Collection entries>
****

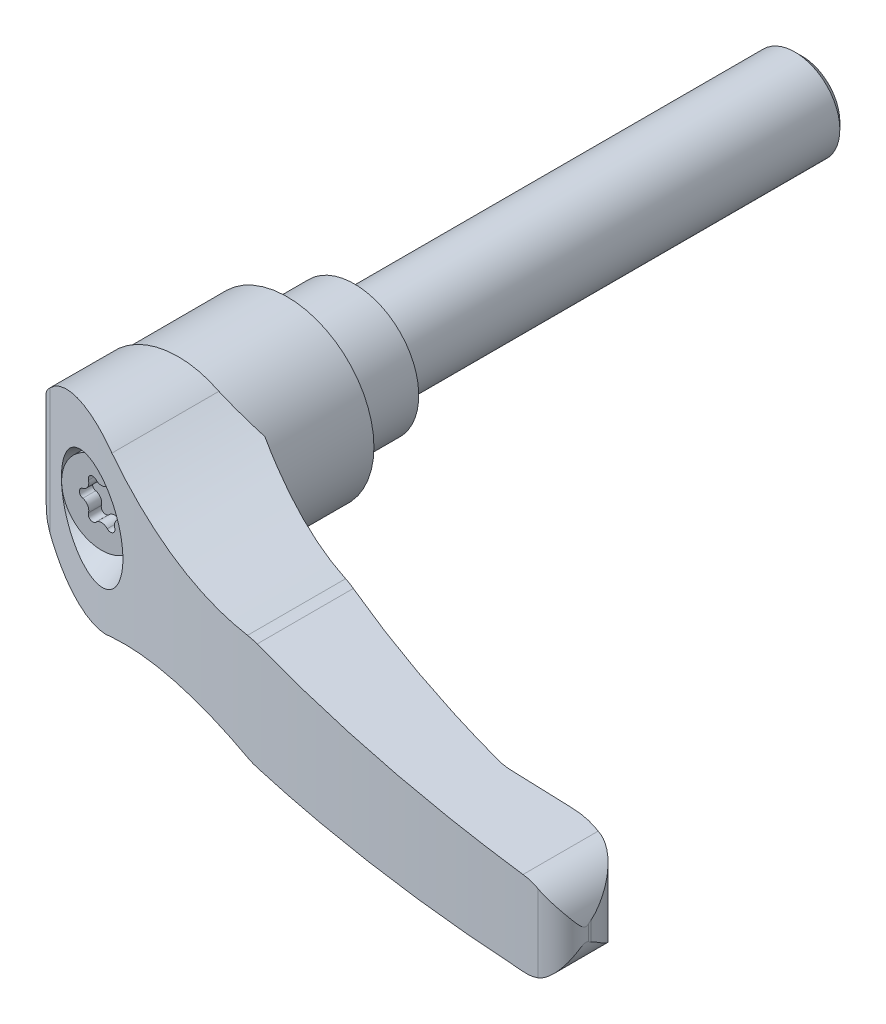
ISO-10303-21;
HEADER;
FILE_DESCRIPTION(('STEP AP214'),'2;1');
FILE_NAME('part.step','',(''),(''),'','','');
FILE_SCHEMA(('AUTOMOTIVE_DESIGN { 1 0 10303 214 1 1 1 1 }'));
ENDSEC;
DATA;
#1=APPLICATION_CONTEXT('core data for automotive mechanical design processes');
#2=APPLICATION_PROTOCOL_DEFINITION('international standard','automotive_design',2000,#1);
#3=PRODUCT_CONTEXT('',#1,'mechanical');
#4=PRODUCT('Part','Part','',(#3));
#5=PRODUCT_RELATED_PRODUCT_CATEGORY('part','',(#4));
#6=PRODUCT_DEFINITION_FORMATION('','',#4);
#7=PRODUCT_DEFINITION_CONTEXT('part definition',#1,'design');
#8=PRODUCT_DEFINITION('design','',#6,#7);
#9=PRODUCT_DEFINITION_SHAPE('','',#8);
#10=(LENGTH_UNIT() NAMED_UNIT(*) SI_UNIT(.MILLI.,.METRE.));
#11=(NAMED_UNIT(*) PLANE_ANGLE_UNIT() SI_UNIT($,.RADIAN.));
#12=(NAMED_UNIT(*) SI_UNIT($,.STERADIAN.) SOLID_ANGLE_UNIT());
#13=UNCERTAINTY_MEASURE_WITH_UNIT(LENGTH_MEASURE(1.E-05),#10,'distance_accuracy_value','');
#14=(GEOMETRIC_REPRESENTATION_CONTEXT(3) GLOBAL_UNCERTAINTY_ASSIGNED_CONTEXT((#13)) GLOBAL_UNIT_ASSIGNED_CONTEXT((#10,
#11,#12)) REPRESENTATION_CONTEXT('',''));
#15=CARTESIAN_POINT('',(0.,0.,0.));
#16=DIRECTION('',(0.,0.,1.));
#17=DIRECTION('',(1.,0.,0.));
#18=AXIS2_PLACEMENT_3D('',#15,#16,#17);
#19=CARTESIAN_POINT('',(6.77133,0.,-80.));
#20=DIRECTION('',(0.,0.,-1.));
#21=DIRECTION('',(0.,1.,0.));
#22=AXIS2_PLACEMENT_3D('',#19,#20,#21);
#23=PLANE('',#22);
#24=CARTESIAN_POINT('',(0.,0.,-80.));
#25=DIRECTION('',(0.,0.,1.));
#26=DIRECTION('',(0.,-1.,0.));
#27=AXIS2_PLACEMENT_3D('',#24,#25,#26);
#28=CIRCLE('',#27,6.77133);
#29=CARTESIAN_POINT('',(0.,-6.77133,-80.));
#30=VERTEX_POINT('',#29);
#31=EDGE_CURVE('E346',#30,#30,#28,.T.);
#32=ORIENTED_EDGE('',*,*,#31,.F.);
#33=EDGE_LOOP('',(#32));
#34=FACE_BOUND('',#33,.T.);
#35=ADVANCED_FACE('F14',(#34),#23,.T.);
#36=CARTESIAN_POINT('',(0.,0.,-78.77133));
#37=DIRECTION('',(0.,0.,1.));
#38=DIRECTION('',(0.,-1.,0.));
#39=AXIS2_PLACEMENT_3D('',#36,#37,#38);
#40=CONICAL_SURFACE('',#39,8.,0.785398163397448);
#41=ORIENTED_EDGE('',*,*,#31,.T.);
#42=EDGE_LOOP('',(#41));
#43=FACE_BOUND('',#42,.T.);
#44=CARTESIAN_POINT('',(0.,0.,-78.77133));
#45=DIRECTION('',(0.,0.,1.));
#46=DIRECTION('',(0.,-1.,0.));
#47=AXIS2_PLACEMENT_3D('',#44,#45,#46);
#48=CIRCLE('',#47,8.);
#49=CARTESIAN_POINT('',(0.,-8.,-78.77133));
#50=VERTEX_POINT('',#49);
#51=EDGE_CURVE('E349',#50,#50,#48,.T.);
#52=ORIENTED_EDGE('',*,*,#51,.F.);
#53=EDGE_LOOP('',(#52));
#54=FACE_BOUND('',#53,.T.);
#55=ADVANCED_FACE('F696',(#43,#54),#40,.T.);
#56=CARTESIAN_POINT('',(0.,0.,12.));
#57=DIRECTION('',(0.,0.,1.));
#58=DIRECTION('',(0.,-1.,0.));
#59=AXIS2_PLACEMENT_3D('',#56,#57,#58);
#60=CYLINDRICAL_SURFACE('',#59,8.);
#61=ORIENTED_EDGE('',*,*,#51,.T.);
#62=EDGE_LOOP('',(#61));
#63=FACE_BOUND('',#62,.T.);
#64=CARTESIAN_POINT('',(0.,0.,0.));
#65=DIRECTION('',(0.,0.,1.));
#66=DIRECTION('',(0.,-1.,0.));
#67=AXIS2_PLACEMENT_3D('',#64,#65,#66);
#68=CIRCLE('',#67,8.);
#69=CARTESIAN_POINT('',(0.,-8.,0.));
#70=VERTEX_POINT('',#69);
#71=EDGE_CURVE('E352',#70,#70,#68,.T.);
#72=ORIENTED_EDGE('',*,*,#71,.F.);
#73=EDGE_LOOP('',(#72));
#74=FACE_BOUND('',#73,.T.);
#75=ADVANCED_FACE('F700',(#63,#74),#60,.T.);
#76=CARTESIAN_POINT('',(11.5,0.,0.));
#77=DIRECTION('',(0.,0.,-1.));
#78=DIRECTION('',(0.,1.,0.));
#79=AXIS2_PLACEMENT_3D('',#76,#77,#78);
#80=PLANE('',#79);
#81=ORIENTED_EDGE('',*,*,#71,.T.);
#82=EDGE_LOOP('',(#81));
#83=FACE_BOUND('',#82,.T.);
#84=CARTESIAN_POINT('',(0.,0.,0.));
#85=DIRECTION('',(0.,0.,1.));
#86=DIRECTION('',(0.,-1.,0.));
#87=AXIS2_PLACEMENT_3D('',#84,#85,#86);
#88=CIRCLE('',#87,11.5);
#89=CARTESIAN_POINT('',(0.,-11.5,0.));
#90=VERTEX_POINT('',#89);
#91=EDGE_CURVE('E355',#90,#90,#88,.T.);
#92=ORIENTED_EDGE('',*,*,#91,.F.);
#93=EDGE_LOOP('',(#92));
#94=FACE_BOUND('',#93,.T.);
#95=ADVANCED_FACE('F649',(#83,#94),#80,.T.);
#96=CARTESIAN_POINT('',(0.,0.,12.));
#97=DIRECTION('',(0.,0.,1.));
#98=DIRECTION('',(0.,-1.,0.));
#99=AXIS2_PLACEMENT_3D('',#96,#97,#98);
#100=CYLINDRICAL_SURFACE('',#99,11.5);
#101=ORIENTED_EDGE('',*,*,#91,.T.);
#102=EDGE_LOOP('',(#101));
#103=FACE_BOUND('',#102,.T.);
#104=CARTESIAN_POINT('',(0.,0.,12.75));
#105=DIRECTION('',(0.,0.,-1.));
#106=DIRECTION('',(1.,0.,0.));
#107=AXIS2_PLACEMENT_3D('',#104,#105,#106);
#108=CIRCLE('',#107,11.5);
#109=CARTESIAN_POINT('',(11.5,0.,12.75));
#110=VERTEX_POINT('',#109);
#111=EDGE_CURVE('E9',#110,#110,#108,.T.);
#112=ORIENTED_EDGE('',*,*,#111,.T.);
#113=EDGE_LOOP('',(#112));
#114=FACE_BOUND('',#113,.T.);
#115=ADVANCED_FACE('F641',(#103,#114),#100,.T.);
#116=CARTESIAN_POINT('',(7.15,0.,42.87));
#117=DIRECTION('',(0.,0.,-1.));
#118=DIRECTION('',(0.,1.,0.));
#119=AXIS2_PLACEMENT_3D('',#116,#117,#118);
#120=PLANE('',#119);
#121=CARTESIAN_POINT('',(1.59,2.75396078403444,42.87));
#122=DIRECTION('',(0.,0.,-1.));
#123=DIRECTION('',(0.,1.,0.));
#124=AXIS2_PLACEMENT_3D('',#121,#122,#123);
#125=CIRCLE('',#124,0.795000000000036);
#126=CARTESIAN_POINT('',(2.3516351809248,2.5260642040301,42.87));
#127=VERTEX_POINT('',#126);
#128=CARTESIAN_POINT('',(1.0118181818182,3.2996079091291,42.87));
#129=VERTEX_POINT('',#128);
#130=EDGE_CURVE('E327',#127,#129,#125,.F.);
#131=ORIENTED_EDGE('',*,*,#130,.T.);
#132=CARTESIAN_POINT('',(0.,4.25449037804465,42.87));
#133=DIRECTION('',(0.,0.,-1.));
#134=DIRECTION('',(0.,1.,0.));
#135=AXIS2_PLACEMENT_3D('',#132,#133,#134);
#136=CIRCLE('',#135,1.39125000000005);
#137=CARTESIAN_POINT('',(-1.0118181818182,3.2996079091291,42.87));
#138=VERTEX_POINT('',#137);
#139=EDGE_CURVE('E285',#138,#129,#136,.F.);
#140=ORIENTED_EDGE('',*,*,#139,.F.);
#141=CARTESIAN_POINT('',(-1.58999999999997,2.75396078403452,42.87));
#142=DIRECTION('',(0.,0.,-1.));
#143=DIRECTION('',(0.,1.,0.));
#144=AXIS2_PLACEMENT_3D('',#141,#142,#143);
#145=CIRCLE('',#144,0.794999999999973);
#146=CARTESIAN_POINT('',(-2.3516351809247,2.5260642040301,42.87));
#147=VERTEX_POINT('',#146);
#148=EDGE_CURVE('E324',#138,#147,#145,.F.);
#149=ORIENTED_EDGE('',*,*,#148,.T.);
#150=CARTESIAN_POINT('',(-3.68449674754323,2.12724518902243,42.87));
#151=DIRECTION('',(0.,0.,-1.));
#152=DIRECTION('',(0.,1.,0.));
#153=AXIS2_PLACEMENT_3D('',#150,#151,#152);
#154=CIRCLE('',#153,1.39125000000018);
#155=CARTESIAN_POINT('',(-3.3634533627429,0.77354370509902,42.87));
#156=VERTEX_POINT('',#155);
#157=EDGE_CURVE('E280',#156,#147,#154,.F.);
#158=ORIENTED_EDGE('',*,*,#157,.F.);
#159=CARTESIAN_POINT('',(-3.18,0.,42.87));
#160=DIRECTION('',(0.,0.,-1.));
#161=DIRECTION('',(0.,1.,0.));
#162=AXIS2_PLACEMENT_3D('',#159,#160,#161);
#163=CIRCLE('',#162,0.795);
#164=CARTESIAN_POINT('',(-3.3634533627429,-0.77354370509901,42.87));
#165=VERTEX_POINT('',#164);
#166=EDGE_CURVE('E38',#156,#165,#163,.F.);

****

Exercise prompt> Provide the lines again, unchanged, from where the data above begins through the line containing "#6=PRODUCT_DEFINITION_FORMATION('','',#4);", both ends included, omitting pictures and adding nothing.

Exercise response>
ISO-10303-21;
HEADER;
FILE_DESCRIPTION(('STEP AP214'),'2;1');
FILE_NAME('part.step','',(''),(''),'','','');
FILE_SCHEMA(('AUTOMOTIVE_DESIGN { 1 0 10303 214 1 1 1 1 }'));
ENDSEC;
DATA;
#1=APPLICATION_CONTEXT('core data for automotive mechanical design processes');
#2=APPLICATION_PROTOCOL_DEFINITION('international standard','automotive_design',2000,#1);
#3=PRODUCT_CONTEXT('',#1,'mechanical');
#4=PRODUCT('Part','Part','',(#3));
#5=PRODUCT_RELATED_PRODUCT_CATEGORY('part','',(#4));
#6=PRODUCT_DEFINITION_FORMATION('','',#4);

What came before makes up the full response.